Diffusion is spectral autoregression
๐ Abstract
The article explores the connection between diffusion models and autoregressive models, particularly in the context of image generation. It argues that diffusion models perform approximate autoregression in the frequency domain, and provides a detailed analysis to support this claim.
๐ Q&A
[01] Autoregression and Diffusion as Generative Modeling Paradigms
1. What are the key similarities between autoregression and diffusion as generative modeling approaches?
- Both autoregression and diffusion split up the difficult task of generating data from complex distributions into smaller, easier-to-learn subtasks.
- Autoregression does this by casting the data into a sequence and recursively predicting one element at a time.
- Diffusion works by defining a corruption process that gradually destroys the structure in the data, and training a model to learn to invert this process step-by-step.
- This iterative refinement approach is common to both paradigms, allowing for the construction of deep computational graphs for generation without having to backpropagate through them during training.
2. How does the author frame the dichotomy between autoregression for language and diffusion for other domains?
- The author notes that currently, most language models are autoregressive, while most models of images and video are diffusion-based.
- The author finds this dichotomy, which can be summarized as "autoregression for language, and diffusion for everything else", quite interesting and has written about it before.
- The author suggests that this dichotomy may not persist in the long run, as the future is likely to be multimodal, requiring models that natively understand language, images, sound, and other modalities together.
[02] Diffusion as Approximate Autoregression in Frequency Space
1. How does the author use signal processing to analyze the connection between diffusion and autoregression?
- The author uses the 2D Fourier transform to obtain a frequency representation of images, which allows them to tease apart the coarse and fine-grained structure of the images.
- The author observes that the power spectrum of natural images typically follows a power law, and that adding Gaussian noise to the images results in a "hinge-shaped" spectrum.
- The author argues that this hinge-shaped spectrum corresponds to an approximate version of autoregression in the frequency domain, where the diffusion process gradually filters out high-frequency information.
2. What are the limitations of the author's interpretation of diffusion as approximate spectral autoregression?
- The author acknowledges that the relationship between noise levels and spatial frequencies is only valid in expectation, averaged across many images, and not necessarily for individual images.
- The "elbow" of the hinge-shaped spectrum is not very sharp, so there is a large transition zone where it is difficult to unequivocally say that a particular frequency is dominated by either signal or noise.
- The author notes that this is a very smooth approximation to the "hard" autoregression used in language models.
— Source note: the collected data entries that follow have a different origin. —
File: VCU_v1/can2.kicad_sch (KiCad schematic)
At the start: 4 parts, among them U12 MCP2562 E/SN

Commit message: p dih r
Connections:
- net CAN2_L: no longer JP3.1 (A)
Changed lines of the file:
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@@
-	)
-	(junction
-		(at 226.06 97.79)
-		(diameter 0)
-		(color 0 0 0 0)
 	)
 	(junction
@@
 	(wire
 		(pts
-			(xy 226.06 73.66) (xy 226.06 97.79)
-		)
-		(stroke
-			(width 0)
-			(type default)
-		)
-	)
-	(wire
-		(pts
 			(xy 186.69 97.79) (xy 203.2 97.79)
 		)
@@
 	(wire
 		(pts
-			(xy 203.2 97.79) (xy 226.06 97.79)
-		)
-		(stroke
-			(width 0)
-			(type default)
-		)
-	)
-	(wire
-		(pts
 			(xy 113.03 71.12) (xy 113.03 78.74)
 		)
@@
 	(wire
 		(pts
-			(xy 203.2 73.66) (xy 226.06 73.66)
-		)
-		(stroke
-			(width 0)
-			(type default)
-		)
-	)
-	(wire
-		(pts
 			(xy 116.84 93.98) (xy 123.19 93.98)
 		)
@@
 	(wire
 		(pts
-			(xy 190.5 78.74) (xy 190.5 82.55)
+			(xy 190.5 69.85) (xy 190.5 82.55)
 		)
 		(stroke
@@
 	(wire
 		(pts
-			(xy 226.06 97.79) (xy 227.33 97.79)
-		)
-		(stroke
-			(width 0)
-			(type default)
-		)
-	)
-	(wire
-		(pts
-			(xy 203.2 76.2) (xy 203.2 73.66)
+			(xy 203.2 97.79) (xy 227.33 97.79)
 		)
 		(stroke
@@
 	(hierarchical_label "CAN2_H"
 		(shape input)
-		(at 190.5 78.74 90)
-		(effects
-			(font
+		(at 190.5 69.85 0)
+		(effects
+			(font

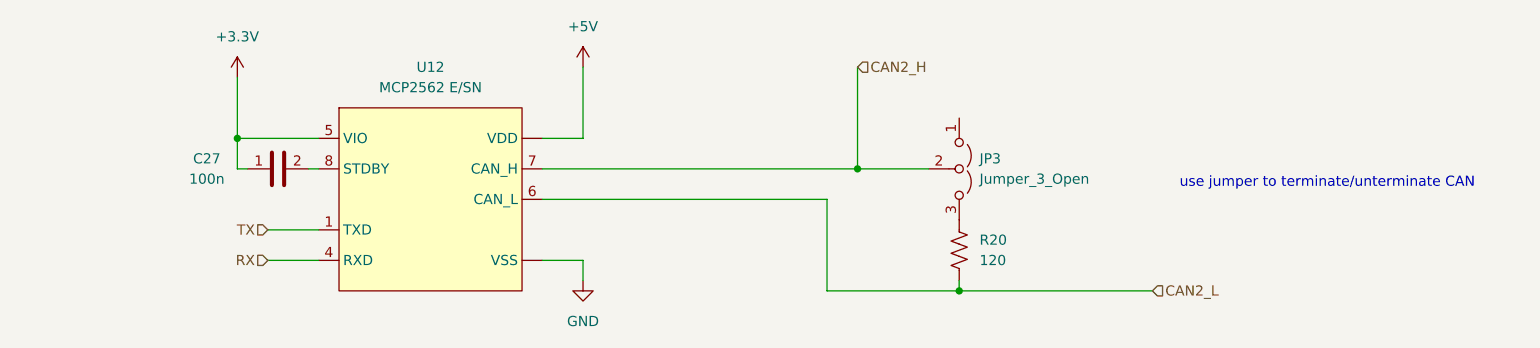
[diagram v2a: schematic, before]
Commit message: v1 schematic (actually) complete, let the layout commence
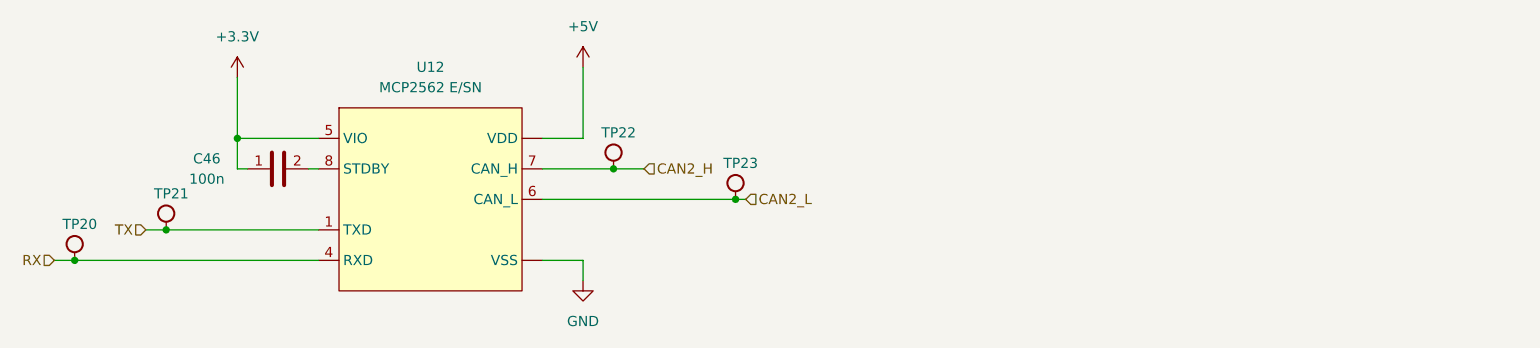
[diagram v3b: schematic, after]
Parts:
- removed JP3: Jumper_3_Open, symbol Jumper:Jumper_3_Open
- removed R20: 120, Resistor_SMD:R_0603_1608Metric_Pad0.98x0.95mm_HandSolder, symbol BFR Resistors:RMCF0603FT120R
- added TP20, TP21, TP22, TP23: RH-5015, TestPoint:TestPoint_Keystone_5015_Micro_Mini, symbol .Test-Point:RH-5015
- U12: footprint (none) -> Package_SO:SOIC-8_3.9x4.9mm_P1.27mm
- renumbered C27 to C46
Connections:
- net CAN2_H: now also TP22.1
- net CAN2_L: now also TP23.1
- net RX: now also TP20.1
- net TX: now also TP21.1
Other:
- note removed: "use jumper to terminate/unterminate CAN"

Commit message: begin pcb design
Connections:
- net +5V: now also U12.3 (VDD); no longer U12. (VSS)
- net GND: now also U12.2 (VSS); no longer U12. (VSS)
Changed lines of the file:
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@@
 		(pin "4"
 		)
-		(pin ""
+		(pin "2"
 		)
 		(pin "7"
@@
 		(pin "6"
 		)
-		(pin ""
+		(pin "3"
 		)
 		(instances

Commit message: vcu placements complete
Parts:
- U12: value MCP2562 E/SN -> MCP2562FD-E/SN; LCSC P/N C53609 -> C124016; Mouser P/N 579-MCP2562-E/SN -> 579-MCP2562FD-E/SN
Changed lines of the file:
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@@
 			)
 		)
-		(property "Value" "MCP2562 E/SN"
+		(property "Value" "MCP2562FD-E/SN"
 			(at 137.16 72.39 0)
 			(effects
@@
 			)
 		)
-		(property "Datasheet" "https://www.mouser.com/datasheet/2/268/20005167C-3443186.pdf"
+		(property "Datasheet" "https://ww1.microchip.com/downloads/en/DeviceDoc/20005284A.pdf"
 			(at 137.16 71.12 0)
 			(effects
@@
 			)
 		)
-		(property "Mouser P/N" "579-MCP2562-E/SN "
+		(property "Mouser P/N" "579-MCP2562FD-E/SN "
 			(at 137.16 71.12 0)
 			(effects
@@
 			)
 		)
-		(property "LCSC P/N" "C53609"
+		(property "LCSC P/N" " C124016"
 			(at 137.16 71.12 0)
 			(effects

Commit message: almost done i promise
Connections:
- net GND: now also C46.2, U12.8 (STDBY)
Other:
- moved on the sheet: C46, TP20, TP21

[03] Diffusion and Autoregression in the Audio Domain
1. How does the author's analysis of audio spectra differ from the analysis of image spectra?
- The author finds that the spectra of audio recordings, such as speech and music, do not exhibit the same power law behavior as the spectra of natural images.
- The audio spectra are noisier and do not monotonically decay with increasing frequency, which means that the "diffusion is just spectral autoregression" interpretation does not apply as directly to the audio domain.
2. What implications does this have for diffusion models of audio?
- The author notes that many diffusion models of audio do not operate directly in the waveform domain, but instead use spectrograms, which exhibit power-law spectra similar to images.
- The author suggests that this may be one reason why treating spectrograms as images works well in practice for audio diffusion models, as the power-law spectrum allows for a similar frequency decomposition interpretation.
[04] Implications for Multimodal Modeling
1. How does the author's analysis of diffusion and autoregression relate to the future of multimodal modeling?
- The author suggests that the current dichotomy of using autoregression for language and diffusion for other modalities is an unstable equilibrium, as the future is likely to be multimodal.
- The author speculates that in the longer term, we may either go back to using autoregression across all modalities, or figure out how to build multimodal diffusion models for all modalities, including language.
2. Why does the author argue against simply doing exact autoregression in the frequency domain instead of diffusion?
- The author acknowledges that this would resolve the "instability" of the current situation, but argues that the diffusion sampling procedure is exceptionally flexible in ways that autoregressive sampling is not, such as the ability to choose the number of sampling steps at test time.
- The author suggests that before abandoning diffusion altogether, we will want to figure out a way to avoid giving up some of these benefits.